Trans activists will not be charged for sharing J.K. Rowling’s address on Twitter
Transgender activists who publicized “Harry Potter” author J.K. Rowling’s home address on social media will not be criminally charged, Scottish police said Tuesday.
On eve of Transgender Day of Remembrance in November, comedian Holly Stars, actor Georgia Frost and drag star Richard Energy staged a demonstration in front of Rowling’s home near Edinburgh, Scotland, in protest against her views on the trans community.
The trio drew criticism for posting a now-deleted photo on Twitter with Rowling’s home address visible in the background.
But a Police Scotland spokesperson said in an email to NBC News on Tuesday that “enquiries were carried out and no criminality has been established.”
Through a representative, Rowling declined a request for comment on the authorities’ decision.
The author had previously bashed the trio on Twitter for “doxxing” her, a term used when a person’s private information is shared online without their consent.
“I have to assume that @IAmGeorgiaFrost, @hollywstars and @Richard_Energy_ thought doxxing me would intimidate me out of speaking up for women’s sex-based rights,” Rowling wrote. “They should have reflected on the fact that I’ve now received so many death threats I could paper the house with them, and I haven’t stopped speaking out.”
“Perhaps — and I’m just throwing this out there — the best way to prove your movement isn’t a threat to women, is to stop stalking, harassing and threatening us,” she added.
Stars previously defended posting the photo and said she deleted the tweet after she received online threats.
“While we stand by the photo, since posting it we have received an overwhelming amount of serious and threatening transphobic messages so have decided to take the photo down,” Stars wrote. “Love to our trans siblings.”
Rowling has been at odds with many in the LGBTQ community for her views on trans people, which some have called transphobic.

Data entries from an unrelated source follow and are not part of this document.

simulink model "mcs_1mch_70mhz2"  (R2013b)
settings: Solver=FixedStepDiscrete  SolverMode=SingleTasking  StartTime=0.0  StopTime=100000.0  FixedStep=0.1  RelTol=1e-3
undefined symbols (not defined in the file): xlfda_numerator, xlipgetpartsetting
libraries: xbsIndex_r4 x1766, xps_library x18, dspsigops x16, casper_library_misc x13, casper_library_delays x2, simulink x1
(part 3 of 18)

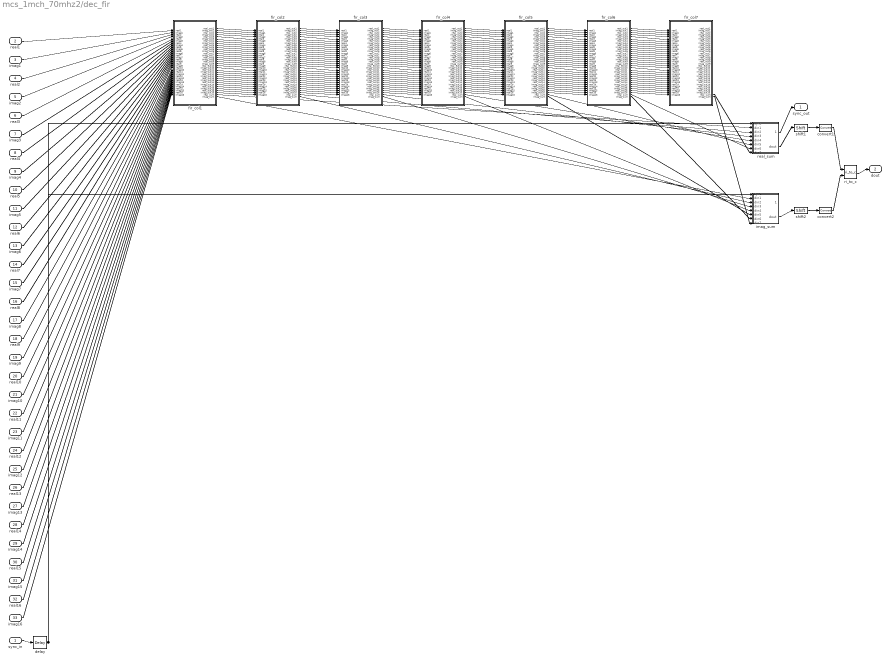
== system mcs_1mch_70mhz2/dec_fir ==
  sync_in : Inport
  real1 : Inport  Port=2
  imag1 : Inport  Port=3
  real2 : Inport  Port=4
  imag2 : Inport  Port=5
  real3 : Inport  Port=6
  imag3 : Inport  Port=7
  real4 : Inport  Port=8
  imag4 : Inport  Port=9
  real5 : Inport  Port=10
  imag5 : Inport  Port=11
  real6 : Inport  Port=12
  imag6 : Inport  Port=13
  real7 : Inport  Port=14
  imag7 : Inport  Port=15
  real8 : Inport  Port=16
  imag8 : Inport  Port=17
  real9 : Inport  Port=18
  imag9 : Inport  Port=19
  real10 : Inport  Port=20
  imag10 : Inport  Port=21
  real11 : Inport  Port=22
  imag11 : Inport  Port=23
  real12 : Inport  Port=24
  imag12 : Inport  Port=25
  real13 : Inport  Port=26
  imag13 : Inport  Port=27
  real14 : Inport  Port=28
  imag14 : Inport  Port=29
  real15 : Inport  Port=30
  imag15 : Inport  Port=31
  real16 : Inport  Port=32
  imag16 : Inport  Port=33
  convert1 : xbsIndex_r4/Convert  gui_display_data_type=Fixed-point  arith_type="Signed  (2's comp)"  n_bits=32  bin_pt=31  float_type=Single  exp_bits=8  fraction_bits=24  quantization="Round  (unbiased: +/- Inf)"  overflow=Wrap  en=off  latency=2  dbl_ovrd=off  pipeline=off  block_type=convert
  convert2 : xbsIndex_r4/Convert  gui_display_data_type=Fixed-point  arith_type="Signed  (2's comp)"  n_bits=32  bin_pt=31  float_type=Single  exp_bits=8  fraction_bits=24  quantization="Round  (unbiased: +/- Inf)"  overflow=Wrap  en=off  latency=2  dbl_ovrd=off  pipeline=off  block_type=convert
  delay : xbsIndex_r4/Delay  rst=off  infoeditControl=Selection of Reset will increase slice count due to use of real FFs and instead of SRLs  en=off  latency=8  dbl_ovrd=off  reg_retiming=off  block_type=delay
  fir_col1 : Subsystem  AncestorBlock=casper_library_downconverter/fir_col  mask(fir_col){n_inputs=16, coeff=[0.0075047   0.0067825   0.0058299   0.0046941   0.0034269   0.0020828  0.00071649 -0.00061865  -0.0018728  -0.0030011  -0.0039654  -0.0047353  -0.0052888   -0.005613  -0.0057043  -0.0055678], add_latency=1, mult_latency=2, coeff_bit_width=25, coeff_bin_pt=24, first_stage_hdl=on, adder_imp=DSP48}
      mask prompts: n_inputs "Inputs"; coeff "Coefficients"; add_latency "Add latency"; mult_latency "Mult Latency"; coeff_bit_width "Coefficient bit width"; coeff_bin_pt "Coefficient binary point"; first_stage_hdl "Implement first stage of adder trees on output as behavioural HDL"; adder_imp "Adder implementation"
      mask init:
      | fir_col_init(gcb, ...
      |     'n_inputs', n_inputs,...
      |     'coeff', coeff, ...
      |     'mult_latency', mult_latency, ...
      |     'add_latency', add_latency, ...
      |     'coeff_bit_width', coeff_bit_width, ...
      |     'coeff_bin_pt', coeff_bin_pt, ...
      |     'first_stage_hdl', first_stage_hdl, ...
      |     'adder_imp', adder_imp);
      mask Help: eval('xlWeb(''http://casper.berkeley.edu/wiki/Fir_col'')')
      mask TypeOptions adder_imp: Behavioral | Fabric | DSP48
  fir_col2 : Subsystem  AncestorBlock=casper_library_downconverter/fir_col  mask(fir_col){n_inputs=16, coeff=[-0.012687   -0.011457  -0.0098785  -0.0080348  -0.0060114  -0.0038941  -0.0017664  0.00029298   0.0022126   0.0039299   0.0053934   0.0065632   0.0074122   0.0079261   0.0081037   0.0079558], add_latency=1, mult_latency=2, coeff_bit_width=25, coeff_bin_pt=24, first_stage_hdl=on, adder_imp=DSP48}
      mask prompts: n_inputs "Inputs"; coeff "Coefficients"; add_latency "Add latency"; mult_latency "Mult Latency"; coeff_bit_width "Coefficient bit width"; coeff_bin_pt "Coefficient binary point"; first_stage_hdl "Implement first stage of adder trees on output as behavioural HDL"; adder_imp "Adder implementation"
      mask init: same as mcs_1mch_70mhz2/dec_fir/fir_col1
      mask Help: eval('xlWeb(''http://casper.berkeley.edu/wiki/Fir_col'')')
      mask TypeOptions adder_imp: Behavioral | Fabric | DSP48
  fir_col3 : Subsystem  AncestorBlock=casper_library_downconverter/fir_col  mask(fir_col){n_inputs=16, coeff=[0.037101    0.031646    0.026085    0.020538    0.015123   0.0099512   0.0051231  0.00072775  -0.0031605  -0.0064835  -0.0092001   -0.011287    -0.01274    -0.01357   -0.013806   -0.013493], add_latency=1, mult_latency=2, coeff_bit_width=25, coeff_bin_pt=24, first_stage_hdl=on, adder_imp=DSP48}
      mask prompts: n_inputs "Inputs"; coeff "Coefficients"; add_latency "Add latency"; mult_latency "Mult Latency"; coeff_bit_width "Coefficient bit width"; coeff_bin_pt "Coefficient binary point"; first_stage_hdl "Implement first stage of adder trees on output as behavioural HDL"; adder_imp "Adder implementation"
      mask init: same as mcs_1mch_70mhz2/dec_fir/fir_col1
      mask Help: eval('xlWeb(''http://casper.berkeley.edu/wiki/Fir_col'')')
      mask TypeOptions adder_imp: Behavioral | Fabric | DSP48
  fir_col4 : Subsystem  AncestorBlock=casper_library_downconverter/fir_col  mask(fir_col){n_inputs=16, coeff=[0.042327    0.047206    0.051624    0.055479    0.058679    0.061149     0.06283     0.06368     0.06368     0.06283    0.061149    0.058679    0.055479    0.051624    0.047206    0.042327], add_latency=1, mult_latency=2, coeff_bit_width=25, coeff_bin_pt=24, first_stage_hdl=on, adder_imp=DSP48}
      mask prompts: n_inputs "Inputs"; coeff "Coefficients"; add_latency "Add latency"; mult_latency "Mult Latency"; coeff_bit_width "Coefficient bit width"; coeff_bin_pt "Coefficient binary point"; first_stage_hdl "Implement first stage of adder trees on output as behavioural HDL"; adder_imp "Adder implementation"
      mask init: same as mcs_1mch_70mhz2/dec_fir/fir_col1
      mask Help: eval('xlWeb(''http://casper.berkeley.edu/wiki/Fir_col'')')
      mask TypeOptions adder_imp: Behavioral | Fabric | DSP48
  fir_col5 : Subsystem  AncestorBlock=casper_library_downconverter/fir_col  mask(fir_col){n_inputs=16, coeff=[-0.013493   -0.013806    -0.01357    -0.01274   -0.011287  -0.0092001  -0.0064835  -0.0031605  0.00072775   0.0051231   0.0099512    0.015123    0.020538    0.026085    0.031646    0.037101], add_latency=1, mult_latency=2, coeff_bit_width=25, coeff_bin_pt=24, first_stage_hdl=on, adder_imp=DSP48}
      mask prompts: n_inputs "Inputs"; coeff "Coefficients"; add_latency "Add latency"; mult_latency "Mult Latency"; coeff_bit_width "Coefficient bit width"; coeff_bin_pt "Coefficient binary point"; first_stage_hdl "Implement first stage of adder trees on output as behavioural HDL"; adder_imp "Adder implementation"
      mask init: same as mcs_1mch_70mhz2/dec_fir/fir_col1
      mask Help: eval('xlWeb(''http://casper.berkeley.edu/wiki/Fir_col'')')
      mask TypeOptions adder_imp: Behavioral | Fabric | DSP48
  fir_col6 : Subsystem  AncestorBlock=casper_library_downconverter/fir_col  mask(fir_col){n_inputs=16, coeff=[0.0079558   0.0081037   0.0079261   0.0074122   0.0065632   0.0053934   0.0039299   0.0022126  0.00029298  -0.0017664  -0.0038941  -0.0060114  -0.0080348  -0.0098785   -0.011457   -0.012687], add_latency=1, mult_latency=2, coeff_bit_width=25, coeff_bin_pt=24, first_stage_hdl=on, adder_imp=DSP48}
      mask prompts: n_inputs "Inputs"; coeff "Coefficients"; add_latency "Add latency"; mult_latency "Mult Latency"; coeff_bit_width "Coefficient bit width"; coeff_bin_pt "Coefficient binary point"; first_stage_hdl "Implement first stage of adder trees on output as behavioural HDL"; adder_imp "Adder implementation"
      mask init: same as mcs_1mch_70mhz2/dec_fir/fir_col1
      mask Help: eval('xlWeb(''http://casper.berkeley.edu/wiki/Fir_col'')')
      mask TypeOptions adder_imp: Behavioral | Fabric | DSP48
  fir_col7 : Subsystem  AncestorBlock=casper_library_downconverter/fir_col  mask(fir_col){n_inputs=16, coeff=[-0.0055678  -0.0057043   -0.005613  -0.0052888  -0.0047353  -0.0039654  -0.0030011  -0.0018728 -0.00061865  0.00071649   0.0020828   0.0034269   0.0046941   0.0058299   0.0067825   0.0075047], add_latency=1, mult_latency=2, coeff_bit_width=25, coeff_bin_pt=24, first_stage_hdl=on, adder_imp=DSP48}
      mask prompts: n_inputs "Inputs"; coeff "Coefficients"; add_latency "Add latency"; mult_latency "Mult Latency"; coeff_bit_width "Coefficient bit width"; coeff_bin_pt "Coefficient binary point"; first_stage_hdl "Implement first stage of adder trees on output as behavioural HDL"; adder_imp "Adder implementation"
      mask init: same as mcs_1mch_70mhz2/dec_fir/fir_col1
      mask Help: eval('xlWeb(''http://casper.berkeley.edu/wiki/Fir_col'')')
      mask TypeOptions adder_imp: Behavioral | Fabric | DSP48
  imag_sum : Subsystem  AncestorBlock=casper_library_misc/adder_tree  mask(adder_tree){n_inputs=7, latency=1, adder_imp=DSP48, first_stage_hdl=off}
      mask prompts: n_inputs "Number of Inputs"; latency "Add Latency"; adder_imp "Adder implementation"; first_stage_hdl "Use behavioural HDL for first stage of adders"
      mask help:
      | Sums all inputs using a tree of adds and delays.
      |
      | Number of inputs: The number of inputs to the block to be summed
      | Add latency: The number of clock cycles to perform one addition (affects timing)..
      | Adder implementation: choice of fabric or DSP48E core, or behavioral HDL
      | Use behavioural HDL for first stage of adders: Causes the first stage of adders to be absorbed into DSP blocks if multipliers precede them (Virtex 5). Overrides Adder implementation
      mask init:
      | adder_tree_init(gcb, ...
      |     'n_inputs', n_inputs, ...
      |     'latency', latency, ...
      |     'adder_imp', adder_imp, ...
      |     'first_stage_hdl', first_stage_hdl);
      settings: AttributesFormatString=latency 3
      mask Help: eval('xlWeb(''http://casper.berkeley.edu/wiki/Adder_tree'')')
      mask TypeOptions adder_imp: Behavioral | Fabric | DSP48
  real_sum : Subsystem  AncestorBlock=casper_library_misc/adder_tree  mask(adder_tree){n_inputs=7, latency=1, adder_imp=DSP48, first_stage_hdl=off}
      mask prompts: n_inputs "Number of Inputs"; latency "Add Latency"; adder_imp "Adder implementation"; first_stage_hdl "Use behavioural HDL for first stage of adders"
      mask help:
      | Sums all inputs using a tree of adds and delays.
      |
      | Number of inputs: The number of inputs to the block to be summed
      | Add latency: The number of clock cycles to perform one addition (affects timing)..
      | Adder implementation: choice of fabric or DSP48E core, or behavioral HDL
      | Use behavioural HDL for first stage of adders: Causes the first stage of adders to be absorbed into DSP blocks if multipliers precede them (Virtex 5). Overrides Adder implementation
      mask init:
      | adder_tree_init(gcb, ...
      |     'n_inputs', n_inputs, ...
      |     'latency', latency, ...
      |     'adder_imp', adder_imp, ...
      |     'first_stage_hdl', first_stage_hdl);
      settings: AttributesFormatString=latency 3
      mask Help: eval('xlWeb(''http://casper.berkeley.edu/wiki/Adder_tree'')')
      mask TypeOptions adder_imp: Behavioral | Fabric | DSP48
  ri_to_c : casper_library_misc/ri_to_c
  shift1 : xbsIndex_r4/Shift  shift_dir=Left  shift_bits=-8  en=off  latency=0  precision=Full  arith_type="Signed  (2's comp)"  n_bits=16  bin_pt=14  quantization=Truncate  overflow=Wrap  dbl_ovrd=off  block_type=shift
  shift2 : xbsIndex_r4/Shift  shift_dir=Left  shift_bits=-8  en=off  latency=0  precision=Full  arith_type="Signed  (2's comp)"  n_bits=16  bin_pt=14  quantization=Truncate  overflow=Wrap  dbl_ovrd=off  block_type=shift
  sync_out : Outport
  dout : Outport  Port=2
  wires:
  real1/1 -> fir_col1/1(real1)
  imag1/1 -> fir_col1/2(imag1)
  real2/1 -> fir_col1/3(real2)
  imag2/1 -> fir_col1/4(imag2)
  real3/1 -> fir_col1/5(real3)
  imag3/1 -> fir_col1/6(imag3)
  real4/1 -> fir_col1/7(real4)
  imag4/1 -> fir_col1/8(imag4)
  real5/1 -> fir_col1/9(real5)
  imag5/1 -> fir_col1/10(imag5)
  real6/1 -> fir_col1/11(real6)
  imag6/1 -> fir_col1/12(imag6)
  real7/1 -> fir_col1/13(real7)
  imag7/1 -> fir_col1/14(imag7)
  real8/1 -> fir_col1/15(real8)
  imag8/1 -> fir_col1/16(imag8)
  real9/1 -> fir_col1/17(real9)
  imag9/1 -> fir_col1/18(imag9)
  real10/1 -> fir_col1/19(real10)
  imag10/1 -> fir_col1/20(imag10)
  real11/1 -> fir_col1/21(real11)
  imag11/1 -> fir_col1/22(imag11)
  real12/1 -> fir_col1/23(real12)
  imag12/1 -> fir_col1/24(imag12)
  real13/1 -> fir_col1/25(real13)
  imag13/1 -> fir_col1/26(imag13)
  real14/1 -> fir_col1/27(real14)
  imag14/1 -> fir_col1/28(imag14)
  real15/1 -> fir_col1/29(real15)
  imag15/1 -> fir_col1/30(imag15)
  real16/1 -> fir_col1/31(real16)
  imag16/1 -> fir_col1/32(imag16)
  fir_col1/33(real_sum) -> real_sum/2(din1)
  fir_col1/34(imag_sum) -> imag_sum/2(din1)
  fir_col1/1(real_out1) -> fir_col2/1(real1)
  fir_col1/2(imag_out1) -> fir_col2/2(imag1)
  fir_col1/3(real_out2) -> fir_col2/3(real2)
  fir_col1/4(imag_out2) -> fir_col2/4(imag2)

The rift blew up in 2019 when Rowling expressed her support for Maya Forstater, a British tax specialist who was fired for tweets that were deemed to be anti-transgender. Rowling then drew criticism for a slew of tweets that were seen by many as including transphobic ideas.
In 2020, after mocking a news headline that read “people who menstruate,” Rowling wrote: “If sex isn’t real, the lived reality of women globally is erased. I know and love trans people, but erasing the concept of sex removes the ability of many to meaningfully discuss their lives. It isn’t hate to speak the truth.”
She doubled down on her views in a nearly 4,000-word blog post in 2020, questioning whether a “contagion” fueled by social media has led to the rise in the number of young people coming out as transgender.
In the blog post, she also revealed that she is a survivor of domestic abuse and sexual assault.
“So I want trans women to be safe. At the same time, I do not want to make natal girls and women less safe. When you throw open the doors of bathrooms and changing rooms to any man who believes or feels he’s a woman — and, as I’ve said, gender confirmation certificates may now be granted without any need for surgery or hormones — then you open the door to any and all men who wish to come inside. That is the simple truth,” she wrote.
Stars from the “Harry Potter” films have distanced themselves from Rowling over the last several years following her inflammatory remarks on the trans community.
Notably, the series’ lead actor, Daniel Radcliffe, hit back at Rowling last year in an essay, declaring that “transgender women are women.”
Cast members from all eight films of the “Harry Potter” series released a behind-the-scenes reunion special on New Year’s Day to commemorate the 20th anniversary of the film franchise. The special, which premiered on streaming service HBO Max, notably did not feature Rowling.